Forex trading has risen in popularity in recent years and attracts a wide diversity of traders. These include institutional investors, large corporations, retail investors, currency speculators, to name but a few. The foreign exchange market, also known as “FX” or “forex”, is a global worldwide-decentralized financial market for trading currencies (Wikipedia, 2012). The foreign exchange market is the largest financial market in the world, with estimates of nearly $4 trillion a day in trade volume. To put the enormity of the FX trading marketing into perspective, the New York Stock Exchange (NYSE) trades a measly, in comparison, $74 billion a day. The foreign exchange market enables different types of buyers and sellers to trade through financial centres around the world, around the clock during weekdays.
As a result of the development of high-speed internet, online forex trading has also seen phenomenal growth in the last few years. Regardless of location and time zones, traders from around the world can enter the foreign exchange market and start trading. Furthermore, the world of foreign currency trading is extremely accessible, allowing complete novices to learn the basics by reading up online and opening demo accounts. Some traders will choose to go through a retail FX broker, who will charge commissions on trade executions and hedge their clients’ positions. Other traders, perhaps with more experience and expertise, will choose to trade through exchanges offering neutrality and will invariably be more familiar with more advanced foreign trading strategies.
Traders choosing to trade in currency pairs online can choose either automated third-party software, such as automated FX robots, or trade manually. Both trading strategies have their respective advantages and disadvantages. Many traders, who have been successful using manual trading strategies, will argue that no matter how sophisticated the robot is there’s no substitute for trading skills, judgement calls and discretion. On the other hand, auto trading offers a clear advantage of not letting emotions affect decisions, which sometimes results in substantial losses. Although, manual traders might counteract this argument stating many robots are developed by programmers who are not real market speculators. Furthermore, the majority of robots manufacturers know that there are limitations in the programming and a significant obstacle of integrating risk parameters into the robots still needs to be overcome.

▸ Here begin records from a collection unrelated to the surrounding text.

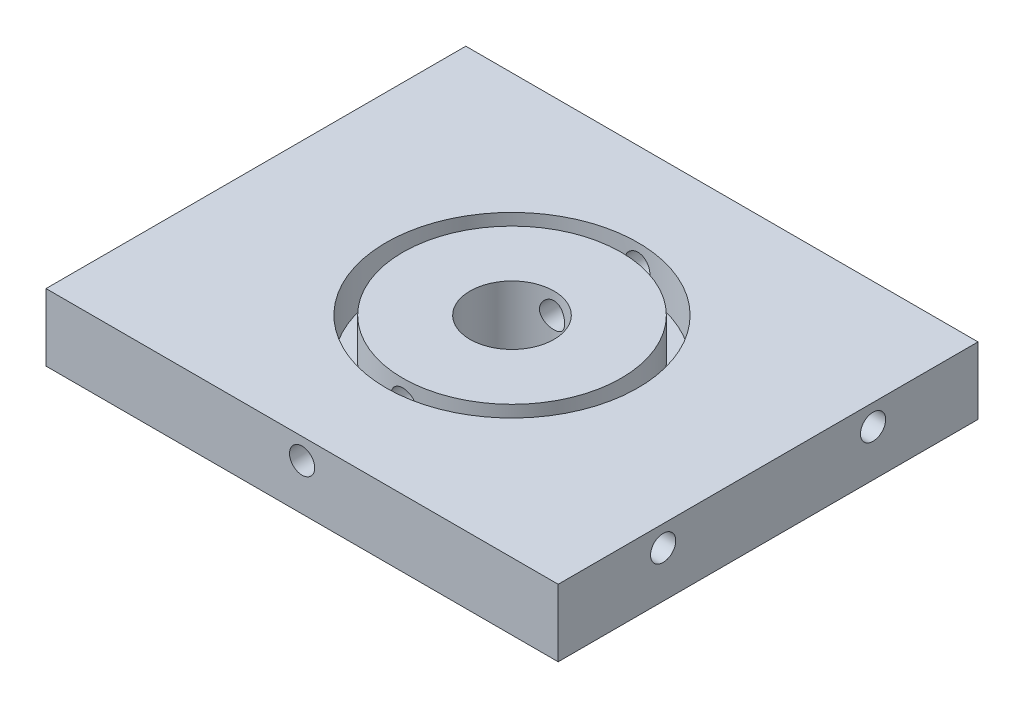
SolidWorks part; units mm, degrees
ref_plane "Plan de face" through (0, 0, 0) normal (0, 0, 1) x (1, 0, 0)
ref_plane "Plan de dessus" through (0, 0, 0) normal (0, 1, 0) x (1, 0, 0)
ref_plane "Plan de droite" through (0, 0, 0) normal (1, 0, 0) x (0, 0, -1)
sketch "Esquisse1" plane through (0, 0, 0) normal (0, 0, 1) x (1, 0, 0)
  line L0 (-5.5, -49) -> (55.5, -49) construction
  line L5 (-5.5, -45) -> (55.5, -45)
  line L6 (-5.5, -45) -> (-5.5, -53)
  line L7 (-5.5, -53) -> (55.5, -53)
  line L8 (55.5, -45) -> (55.5, -53)
  line L9 (25, -45) -> (25, -53) construction
  dimension "D1" = 8
  dimension "D2" = 61
extrude "Boss.-Extru.1" add sketch "Esquisse1" along normal blind 50 contours L5 | L7 L8 L5 L6
sketch "Esquisse2" plane through (0, -45, 0) normal (0, 1, 0) x (-1, 0, 0)
  line L0 (5.5, 50) -> (-55.5, 50) construction
  line L7 (-55.5, 50) -> (-55.5, 0) construction
  circle A0 centre (-25, 25) radius 15
  circle A2 centre (-25, 25) radius 13
  dimension "D10" = 30.5
  dimension "D11" = 25
extrude "Enlèv. mat.-Extru.1" cut sketch "Esquisse2" against normal blind 5
sketch "Esquisse3" plane through (-5.5, 0, 0) normal (-1, 0, 0) x (0, 0, 1)
  line L0 (50, -53) -> (0, -53) construction
  line L1 (0, -45) -> (0, -53) construction
  line L2 (50, -45) -> (50, -53) construction
  circle A0 centre (12.5, -47.5) radius 1.5
  circle A1 centre (37.5, -47.5) radius 1.5
  dimension "D1" = 5.5
  dimension "D2" = 5.5
  dimension "D3" = 12.5
  dimension "D4" = 12.5
extrude "Enlèv. mat.-Extru.2" cut sketch "Esquisse3" against normal blind 10
sketch "Esquisse4" plane through (55.5, 0, 0) normal (1, 0, 0) x (0, 0, -1)
  line L0 (-50, -53) -> (0, -53) construction
  line L1 (-50, -45) -> (-50, -53) construction
  line L2 (0, -45) -> (0, -53) construction
  circle A0 centre (-37.5, -47.5) radius 1.5
  circle A1 centre (-12.5, -47.5) radius 1.5
  dimension "D1" = 5.5
  dimension "D2" = 5.5
  dimension "D3" = 12.5
  dimension "D4" = 12.5
extrude "Enlèv. mat.-Extru.3" cut sketch "Esquisse4" against normal blind 10
sketch "Esquisse5" plane through (0, 0, 0) normal (0, 0, -1) x (-1, 0, 0)
  line L0 (5.5, -45) -> (-55.5, -45) construction
  line L1 (-55.5, -45) -> (-55.5, -53) construction
  circle A0 centre (-25, -47.5) radius 1.5
  dimension "D1" = 2.5
  dimension "D2" = 30.5
extrude "Enlèv. mat.-Extru.4" cut sketch "Esquisse5" against normal through all
sketch "Esquisse6" plane through (0, -45, 0) normal (0, 1, 0) x (1, 0, 0)
  line L0 (-5.5, -50) -> (-5.5, 0) construction
  line L1 (-5.5, -50) -> (55.5, -50) construction
  circle A0 centre (25, -25) radius 5
  dimension "D1" = 30.5
  dimension "D2" = 25
extrude "Enlèv. mat.-Extru.5" cut sketch "Esquisse6" against normal through all contours A0

The biggest obstacles to overcome in the world of online forex trading, and indeed other trading activities, are risk-related and psychological. Both manual and automated FX trading strategies have to overcome these obstacles, and there is still some way to go before robots can integrate risk management parameters to a sophisticated level. Despite these obstacles, the allure of online FX trading still remains and for many traders, it offers a high risk but high reward trading activity.